Examine each line of the data. Copy those that contain the string "Alignment".
(SOURCE MATERIAL begins)
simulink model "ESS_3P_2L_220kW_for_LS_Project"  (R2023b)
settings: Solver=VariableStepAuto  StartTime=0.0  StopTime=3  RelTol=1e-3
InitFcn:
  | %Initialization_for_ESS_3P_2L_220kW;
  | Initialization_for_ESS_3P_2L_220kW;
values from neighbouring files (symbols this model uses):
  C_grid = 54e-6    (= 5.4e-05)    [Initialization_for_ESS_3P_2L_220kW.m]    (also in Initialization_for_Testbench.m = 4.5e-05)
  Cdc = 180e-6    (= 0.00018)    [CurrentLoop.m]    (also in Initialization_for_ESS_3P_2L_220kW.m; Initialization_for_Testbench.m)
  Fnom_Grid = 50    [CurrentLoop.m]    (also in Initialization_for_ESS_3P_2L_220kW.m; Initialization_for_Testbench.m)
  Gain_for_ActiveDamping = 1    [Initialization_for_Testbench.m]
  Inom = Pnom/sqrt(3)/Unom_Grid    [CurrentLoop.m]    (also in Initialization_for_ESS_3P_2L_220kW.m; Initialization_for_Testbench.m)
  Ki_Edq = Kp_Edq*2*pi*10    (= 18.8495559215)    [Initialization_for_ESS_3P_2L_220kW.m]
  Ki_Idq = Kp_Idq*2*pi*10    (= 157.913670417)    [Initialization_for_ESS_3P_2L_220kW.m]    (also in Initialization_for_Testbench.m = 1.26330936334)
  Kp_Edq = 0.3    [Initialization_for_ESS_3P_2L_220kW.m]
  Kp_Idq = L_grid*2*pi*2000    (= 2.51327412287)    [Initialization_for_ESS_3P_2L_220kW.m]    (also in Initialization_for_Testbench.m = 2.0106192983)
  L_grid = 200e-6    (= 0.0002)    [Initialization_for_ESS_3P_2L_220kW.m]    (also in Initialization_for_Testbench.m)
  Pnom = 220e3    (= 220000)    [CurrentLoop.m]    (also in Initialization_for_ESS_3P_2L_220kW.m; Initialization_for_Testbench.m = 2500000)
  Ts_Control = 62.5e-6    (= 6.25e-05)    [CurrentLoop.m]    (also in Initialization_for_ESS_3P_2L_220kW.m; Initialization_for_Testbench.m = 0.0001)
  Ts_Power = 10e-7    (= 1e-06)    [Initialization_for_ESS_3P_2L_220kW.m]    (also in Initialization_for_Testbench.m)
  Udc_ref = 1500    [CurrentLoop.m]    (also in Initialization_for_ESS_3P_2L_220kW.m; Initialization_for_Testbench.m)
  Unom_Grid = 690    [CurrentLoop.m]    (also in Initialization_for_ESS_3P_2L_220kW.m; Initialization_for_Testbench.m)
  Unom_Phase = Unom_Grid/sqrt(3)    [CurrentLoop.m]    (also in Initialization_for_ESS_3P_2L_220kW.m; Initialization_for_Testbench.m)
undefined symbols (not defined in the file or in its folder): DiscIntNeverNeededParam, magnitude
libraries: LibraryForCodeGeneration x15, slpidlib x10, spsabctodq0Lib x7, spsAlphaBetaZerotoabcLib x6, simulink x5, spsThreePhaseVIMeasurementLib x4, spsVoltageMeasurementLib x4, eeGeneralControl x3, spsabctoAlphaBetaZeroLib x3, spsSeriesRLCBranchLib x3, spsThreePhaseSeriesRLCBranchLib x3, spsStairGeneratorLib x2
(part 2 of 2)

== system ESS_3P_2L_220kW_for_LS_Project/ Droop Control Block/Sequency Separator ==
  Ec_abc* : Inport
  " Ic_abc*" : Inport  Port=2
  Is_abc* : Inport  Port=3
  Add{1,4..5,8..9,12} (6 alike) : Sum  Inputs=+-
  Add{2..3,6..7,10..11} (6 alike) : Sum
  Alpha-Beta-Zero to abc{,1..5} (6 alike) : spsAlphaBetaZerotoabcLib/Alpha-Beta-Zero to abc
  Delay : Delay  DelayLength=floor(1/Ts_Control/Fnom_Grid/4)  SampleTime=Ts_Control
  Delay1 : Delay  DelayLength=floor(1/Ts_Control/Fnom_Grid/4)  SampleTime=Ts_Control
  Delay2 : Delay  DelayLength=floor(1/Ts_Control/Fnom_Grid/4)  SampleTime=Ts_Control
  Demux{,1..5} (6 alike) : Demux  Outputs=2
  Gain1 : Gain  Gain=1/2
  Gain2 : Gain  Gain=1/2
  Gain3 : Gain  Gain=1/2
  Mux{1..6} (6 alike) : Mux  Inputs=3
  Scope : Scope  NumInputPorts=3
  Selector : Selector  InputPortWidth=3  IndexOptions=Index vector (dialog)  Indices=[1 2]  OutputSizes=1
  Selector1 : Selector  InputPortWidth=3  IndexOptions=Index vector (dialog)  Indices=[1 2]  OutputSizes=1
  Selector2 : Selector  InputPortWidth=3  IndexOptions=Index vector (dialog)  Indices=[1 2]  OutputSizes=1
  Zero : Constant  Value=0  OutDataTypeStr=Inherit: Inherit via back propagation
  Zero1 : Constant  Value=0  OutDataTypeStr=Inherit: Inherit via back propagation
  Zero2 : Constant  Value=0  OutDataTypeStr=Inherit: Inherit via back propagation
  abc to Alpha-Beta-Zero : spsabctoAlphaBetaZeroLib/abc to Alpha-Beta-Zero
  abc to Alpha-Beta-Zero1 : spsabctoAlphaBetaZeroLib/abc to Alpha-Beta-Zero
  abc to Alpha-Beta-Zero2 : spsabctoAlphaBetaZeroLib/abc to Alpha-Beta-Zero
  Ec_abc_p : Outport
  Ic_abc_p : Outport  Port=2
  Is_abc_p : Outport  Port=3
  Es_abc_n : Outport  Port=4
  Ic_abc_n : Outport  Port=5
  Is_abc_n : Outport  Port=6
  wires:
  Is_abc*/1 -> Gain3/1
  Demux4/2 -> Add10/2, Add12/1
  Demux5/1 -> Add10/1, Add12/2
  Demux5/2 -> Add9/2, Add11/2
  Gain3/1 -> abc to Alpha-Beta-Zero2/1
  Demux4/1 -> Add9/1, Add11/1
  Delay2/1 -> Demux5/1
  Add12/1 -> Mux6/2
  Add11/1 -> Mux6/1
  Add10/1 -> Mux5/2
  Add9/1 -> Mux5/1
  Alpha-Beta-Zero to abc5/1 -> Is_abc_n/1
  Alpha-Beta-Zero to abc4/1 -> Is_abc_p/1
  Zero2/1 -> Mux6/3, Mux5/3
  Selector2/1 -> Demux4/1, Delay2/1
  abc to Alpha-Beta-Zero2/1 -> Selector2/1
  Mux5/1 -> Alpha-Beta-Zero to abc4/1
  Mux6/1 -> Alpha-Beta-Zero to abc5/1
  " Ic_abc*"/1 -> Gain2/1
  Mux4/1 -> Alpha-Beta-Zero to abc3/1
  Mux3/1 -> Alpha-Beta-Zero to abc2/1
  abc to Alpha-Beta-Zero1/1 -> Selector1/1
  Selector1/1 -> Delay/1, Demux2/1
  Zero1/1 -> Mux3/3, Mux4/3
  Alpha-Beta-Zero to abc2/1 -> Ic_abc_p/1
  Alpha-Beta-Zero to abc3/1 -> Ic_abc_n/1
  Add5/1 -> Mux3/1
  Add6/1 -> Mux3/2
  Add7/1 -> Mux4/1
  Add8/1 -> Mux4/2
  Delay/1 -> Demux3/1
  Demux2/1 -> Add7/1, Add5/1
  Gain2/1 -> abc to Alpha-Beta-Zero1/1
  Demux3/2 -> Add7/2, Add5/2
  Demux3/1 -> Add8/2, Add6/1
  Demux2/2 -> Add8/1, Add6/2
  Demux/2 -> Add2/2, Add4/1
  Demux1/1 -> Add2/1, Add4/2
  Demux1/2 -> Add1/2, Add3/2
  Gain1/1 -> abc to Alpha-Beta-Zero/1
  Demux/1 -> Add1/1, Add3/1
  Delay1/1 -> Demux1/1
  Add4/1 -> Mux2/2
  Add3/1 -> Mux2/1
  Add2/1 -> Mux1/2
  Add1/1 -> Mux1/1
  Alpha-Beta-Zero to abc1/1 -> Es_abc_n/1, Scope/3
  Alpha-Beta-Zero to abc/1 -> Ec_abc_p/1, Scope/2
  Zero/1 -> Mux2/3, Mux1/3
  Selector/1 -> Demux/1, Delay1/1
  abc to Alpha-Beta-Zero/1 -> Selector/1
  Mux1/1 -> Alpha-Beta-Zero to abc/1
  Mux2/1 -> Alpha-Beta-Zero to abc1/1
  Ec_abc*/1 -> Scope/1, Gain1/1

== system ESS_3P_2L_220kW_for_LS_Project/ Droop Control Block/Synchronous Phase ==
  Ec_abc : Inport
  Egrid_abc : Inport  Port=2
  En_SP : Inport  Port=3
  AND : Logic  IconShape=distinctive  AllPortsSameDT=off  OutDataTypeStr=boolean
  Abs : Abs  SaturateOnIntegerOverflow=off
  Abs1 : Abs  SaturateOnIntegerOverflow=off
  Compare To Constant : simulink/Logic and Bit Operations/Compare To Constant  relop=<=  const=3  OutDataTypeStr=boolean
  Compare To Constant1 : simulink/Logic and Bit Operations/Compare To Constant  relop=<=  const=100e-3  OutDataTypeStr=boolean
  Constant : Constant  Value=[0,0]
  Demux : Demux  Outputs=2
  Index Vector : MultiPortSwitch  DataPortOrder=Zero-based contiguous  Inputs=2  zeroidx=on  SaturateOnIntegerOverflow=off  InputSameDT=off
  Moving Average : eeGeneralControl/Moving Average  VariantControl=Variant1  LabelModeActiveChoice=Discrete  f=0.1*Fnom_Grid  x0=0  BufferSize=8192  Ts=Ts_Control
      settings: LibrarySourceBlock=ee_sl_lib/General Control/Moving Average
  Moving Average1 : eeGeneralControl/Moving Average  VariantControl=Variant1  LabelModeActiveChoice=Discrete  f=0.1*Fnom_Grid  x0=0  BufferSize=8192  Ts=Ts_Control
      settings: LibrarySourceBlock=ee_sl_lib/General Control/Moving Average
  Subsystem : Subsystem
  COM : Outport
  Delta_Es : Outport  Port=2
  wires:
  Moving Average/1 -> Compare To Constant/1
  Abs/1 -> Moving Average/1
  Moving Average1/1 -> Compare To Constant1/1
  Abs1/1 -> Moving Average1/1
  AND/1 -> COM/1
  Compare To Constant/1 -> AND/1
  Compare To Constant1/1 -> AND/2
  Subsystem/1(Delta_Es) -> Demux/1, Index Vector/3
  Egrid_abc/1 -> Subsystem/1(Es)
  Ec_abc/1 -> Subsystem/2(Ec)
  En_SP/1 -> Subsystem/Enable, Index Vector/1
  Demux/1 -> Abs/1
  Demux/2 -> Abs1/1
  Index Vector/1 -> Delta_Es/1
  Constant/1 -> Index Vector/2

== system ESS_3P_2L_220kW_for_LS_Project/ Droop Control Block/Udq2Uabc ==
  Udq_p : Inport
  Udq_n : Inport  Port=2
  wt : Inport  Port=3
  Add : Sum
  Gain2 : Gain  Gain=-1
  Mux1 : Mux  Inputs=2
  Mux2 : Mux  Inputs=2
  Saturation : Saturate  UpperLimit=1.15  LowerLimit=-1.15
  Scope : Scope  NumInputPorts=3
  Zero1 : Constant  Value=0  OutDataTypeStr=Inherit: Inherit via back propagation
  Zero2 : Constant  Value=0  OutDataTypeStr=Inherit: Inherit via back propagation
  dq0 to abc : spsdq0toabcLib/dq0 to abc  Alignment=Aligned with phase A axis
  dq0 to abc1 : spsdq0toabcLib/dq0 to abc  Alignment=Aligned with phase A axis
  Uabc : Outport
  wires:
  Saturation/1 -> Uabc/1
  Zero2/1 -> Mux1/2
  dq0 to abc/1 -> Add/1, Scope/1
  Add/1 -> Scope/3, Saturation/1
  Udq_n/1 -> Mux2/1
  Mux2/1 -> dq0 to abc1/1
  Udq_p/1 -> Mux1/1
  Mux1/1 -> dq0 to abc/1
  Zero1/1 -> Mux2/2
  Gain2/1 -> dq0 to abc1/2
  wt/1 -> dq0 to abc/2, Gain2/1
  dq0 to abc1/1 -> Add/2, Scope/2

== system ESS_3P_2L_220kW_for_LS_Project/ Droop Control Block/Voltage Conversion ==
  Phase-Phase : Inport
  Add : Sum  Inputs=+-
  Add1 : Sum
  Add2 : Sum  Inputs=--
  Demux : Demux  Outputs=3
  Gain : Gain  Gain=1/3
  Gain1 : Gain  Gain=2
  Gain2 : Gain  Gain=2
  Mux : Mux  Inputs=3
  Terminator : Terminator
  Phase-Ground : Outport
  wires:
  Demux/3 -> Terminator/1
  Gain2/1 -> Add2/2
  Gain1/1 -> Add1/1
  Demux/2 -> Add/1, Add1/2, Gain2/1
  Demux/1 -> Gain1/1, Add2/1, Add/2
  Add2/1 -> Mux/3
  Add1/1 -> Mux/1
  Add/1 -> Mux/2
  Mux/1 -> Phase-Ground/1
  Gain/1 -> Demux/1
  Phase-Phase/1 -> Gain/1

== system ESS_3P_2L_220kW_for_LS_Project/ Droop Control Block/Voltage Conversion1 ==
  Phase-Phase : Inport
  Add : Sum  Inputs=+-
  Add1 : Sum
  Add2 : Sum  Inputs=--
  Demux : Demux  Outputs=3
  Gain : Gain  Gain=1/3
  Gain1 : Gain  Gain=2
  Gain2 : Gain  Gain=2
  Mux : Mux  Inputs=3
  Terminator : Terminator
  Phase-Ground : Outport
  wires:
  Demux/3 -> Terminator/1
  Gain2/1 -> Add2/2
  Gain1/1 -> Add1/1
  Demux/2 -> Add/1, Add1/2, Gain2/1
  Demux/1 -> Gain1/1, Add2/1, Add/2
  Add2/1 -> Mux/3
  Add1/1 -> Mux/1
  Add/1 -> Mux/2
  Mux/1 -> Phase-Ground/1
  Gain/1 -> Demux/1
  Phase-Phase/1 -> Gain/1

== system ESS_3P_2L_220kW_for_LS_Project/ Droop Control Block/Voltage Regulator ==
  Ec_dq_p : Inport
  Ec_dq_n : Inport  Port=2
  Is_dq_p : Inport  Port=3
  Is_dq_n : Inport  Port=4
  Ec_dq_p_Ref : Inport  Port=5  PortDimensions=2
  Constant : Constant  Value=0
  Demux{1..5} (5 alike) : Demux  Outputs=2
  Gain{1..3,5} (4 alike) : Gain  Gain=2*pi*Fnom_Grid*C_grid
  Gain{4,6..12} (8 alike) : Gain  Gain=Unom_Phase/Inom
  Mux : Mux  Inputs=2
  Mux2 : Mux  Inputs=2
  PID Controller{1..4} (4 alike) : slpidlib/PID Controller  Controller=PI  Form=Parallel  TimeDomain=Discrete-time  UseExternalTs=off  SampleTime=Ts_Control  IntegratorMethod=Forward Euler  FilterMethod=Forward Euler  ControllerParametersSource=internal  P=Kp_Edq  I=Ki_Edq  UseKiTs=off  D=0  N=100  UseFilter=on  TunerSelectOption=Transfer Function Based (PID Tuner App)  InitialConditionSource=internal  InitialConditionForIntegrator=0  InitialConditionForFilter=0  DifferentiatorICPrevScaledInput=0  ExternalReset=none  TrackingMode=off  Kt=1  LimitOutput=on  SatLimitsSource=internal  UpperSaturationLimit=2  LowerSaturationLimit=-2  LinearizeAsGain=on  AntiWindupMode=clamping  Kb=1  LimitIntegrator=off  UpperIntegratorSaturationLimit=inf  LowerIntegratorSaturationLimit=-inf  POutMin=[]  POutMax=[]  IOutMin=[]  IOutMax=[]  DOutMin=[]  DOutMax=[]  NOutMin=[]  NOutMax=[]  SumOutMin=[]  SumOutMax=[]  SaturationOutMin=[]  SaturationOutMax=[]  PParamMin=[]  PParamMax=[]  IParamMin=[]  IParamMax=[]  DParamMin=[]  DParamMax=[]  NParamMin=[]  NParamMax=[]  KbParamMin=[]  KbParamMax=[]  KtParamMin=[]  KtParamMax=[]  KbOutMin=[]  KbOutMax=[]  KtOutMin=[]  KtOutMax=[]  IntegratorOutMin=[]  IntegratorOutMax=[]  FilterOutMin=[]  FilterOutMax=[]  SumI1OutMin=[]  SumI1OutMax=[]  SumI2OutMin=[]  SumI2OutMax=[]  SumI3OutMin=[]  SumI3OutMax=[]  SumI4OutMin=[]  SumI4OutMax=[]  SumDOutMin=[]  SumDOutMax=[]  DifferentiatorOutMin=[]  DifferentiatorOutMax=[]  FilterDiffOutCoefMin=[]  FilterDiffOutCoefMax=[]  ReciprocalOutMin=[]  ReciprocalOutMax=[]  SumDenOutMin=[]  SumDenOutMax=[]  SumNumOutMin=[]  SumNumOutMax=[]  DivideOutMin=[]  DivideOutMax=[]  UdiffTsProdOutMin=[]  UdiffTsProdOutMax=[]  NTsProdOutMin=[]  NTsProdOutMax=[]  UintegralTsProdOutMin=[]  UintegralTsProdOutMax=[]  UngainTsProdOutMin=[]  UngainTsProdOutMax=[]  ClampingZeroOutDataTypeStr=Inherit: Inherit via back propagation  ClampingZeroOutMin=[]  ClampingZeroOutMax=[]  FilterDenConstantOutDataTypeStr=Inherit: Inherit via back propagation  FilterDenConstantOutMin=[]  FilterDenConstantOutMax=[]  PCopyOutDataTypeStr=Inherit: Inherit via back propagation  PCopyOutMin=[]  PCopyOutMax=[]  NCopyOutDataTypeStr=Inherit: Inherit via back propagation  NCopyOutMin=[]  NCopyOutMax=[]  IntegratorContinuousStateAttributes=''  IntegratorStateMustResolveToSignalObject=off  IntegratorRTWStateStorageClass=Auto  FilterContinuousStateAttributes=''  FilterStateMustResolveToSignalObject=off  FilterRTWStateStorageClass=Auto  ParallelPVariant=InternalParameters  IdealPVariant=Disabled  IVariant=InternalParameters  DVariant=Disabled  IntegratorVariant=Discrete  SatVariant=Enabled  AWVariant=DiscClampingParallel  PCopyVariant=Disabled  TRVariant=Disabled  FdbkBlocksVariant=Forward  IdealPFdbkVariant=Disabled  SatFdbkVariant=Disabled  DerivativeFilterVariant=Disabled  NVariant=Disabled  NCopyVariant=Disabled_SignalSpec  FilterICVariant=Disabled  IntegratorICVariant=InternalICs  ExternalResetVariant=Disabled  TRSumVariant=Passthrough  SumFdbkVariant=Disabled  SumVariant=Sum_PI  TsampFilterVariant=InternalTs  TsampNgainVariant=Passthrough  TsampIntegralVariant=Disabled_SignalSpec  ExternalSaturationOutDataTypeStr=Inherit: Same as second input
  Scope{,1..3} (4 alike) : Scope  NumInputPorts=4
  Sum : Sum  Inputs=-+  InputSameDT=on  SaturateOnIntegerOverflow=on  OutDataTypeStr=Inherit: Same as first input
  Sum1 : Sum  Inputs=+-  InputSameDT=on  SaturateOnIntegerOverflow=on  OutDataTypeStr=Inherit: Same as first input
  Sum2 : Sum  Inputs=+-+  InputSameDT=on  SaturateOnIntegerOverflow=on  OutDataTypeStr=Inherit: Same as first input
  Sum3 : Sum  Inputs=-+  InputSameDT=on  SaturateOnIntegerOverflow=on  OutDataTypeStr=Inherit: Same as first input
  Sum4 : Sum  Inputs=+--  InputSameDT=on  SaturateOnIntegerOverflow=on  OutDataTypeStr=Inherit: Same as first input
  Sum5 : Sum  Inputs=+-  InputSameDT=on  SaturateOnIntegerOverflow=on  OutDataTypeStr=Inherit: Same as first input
(SOURCE MATERIAL ends)
▶ **OUTPUT OF THE EXERCISE**:
  dq0 to abc : spsdq0toabcLib/dq0 to abc  Alignment=Aligned with phase A axis
  dq0 to abc1 : spsdq0toabcLib/dq0 to abc  Alignment=Aligned with phase A axis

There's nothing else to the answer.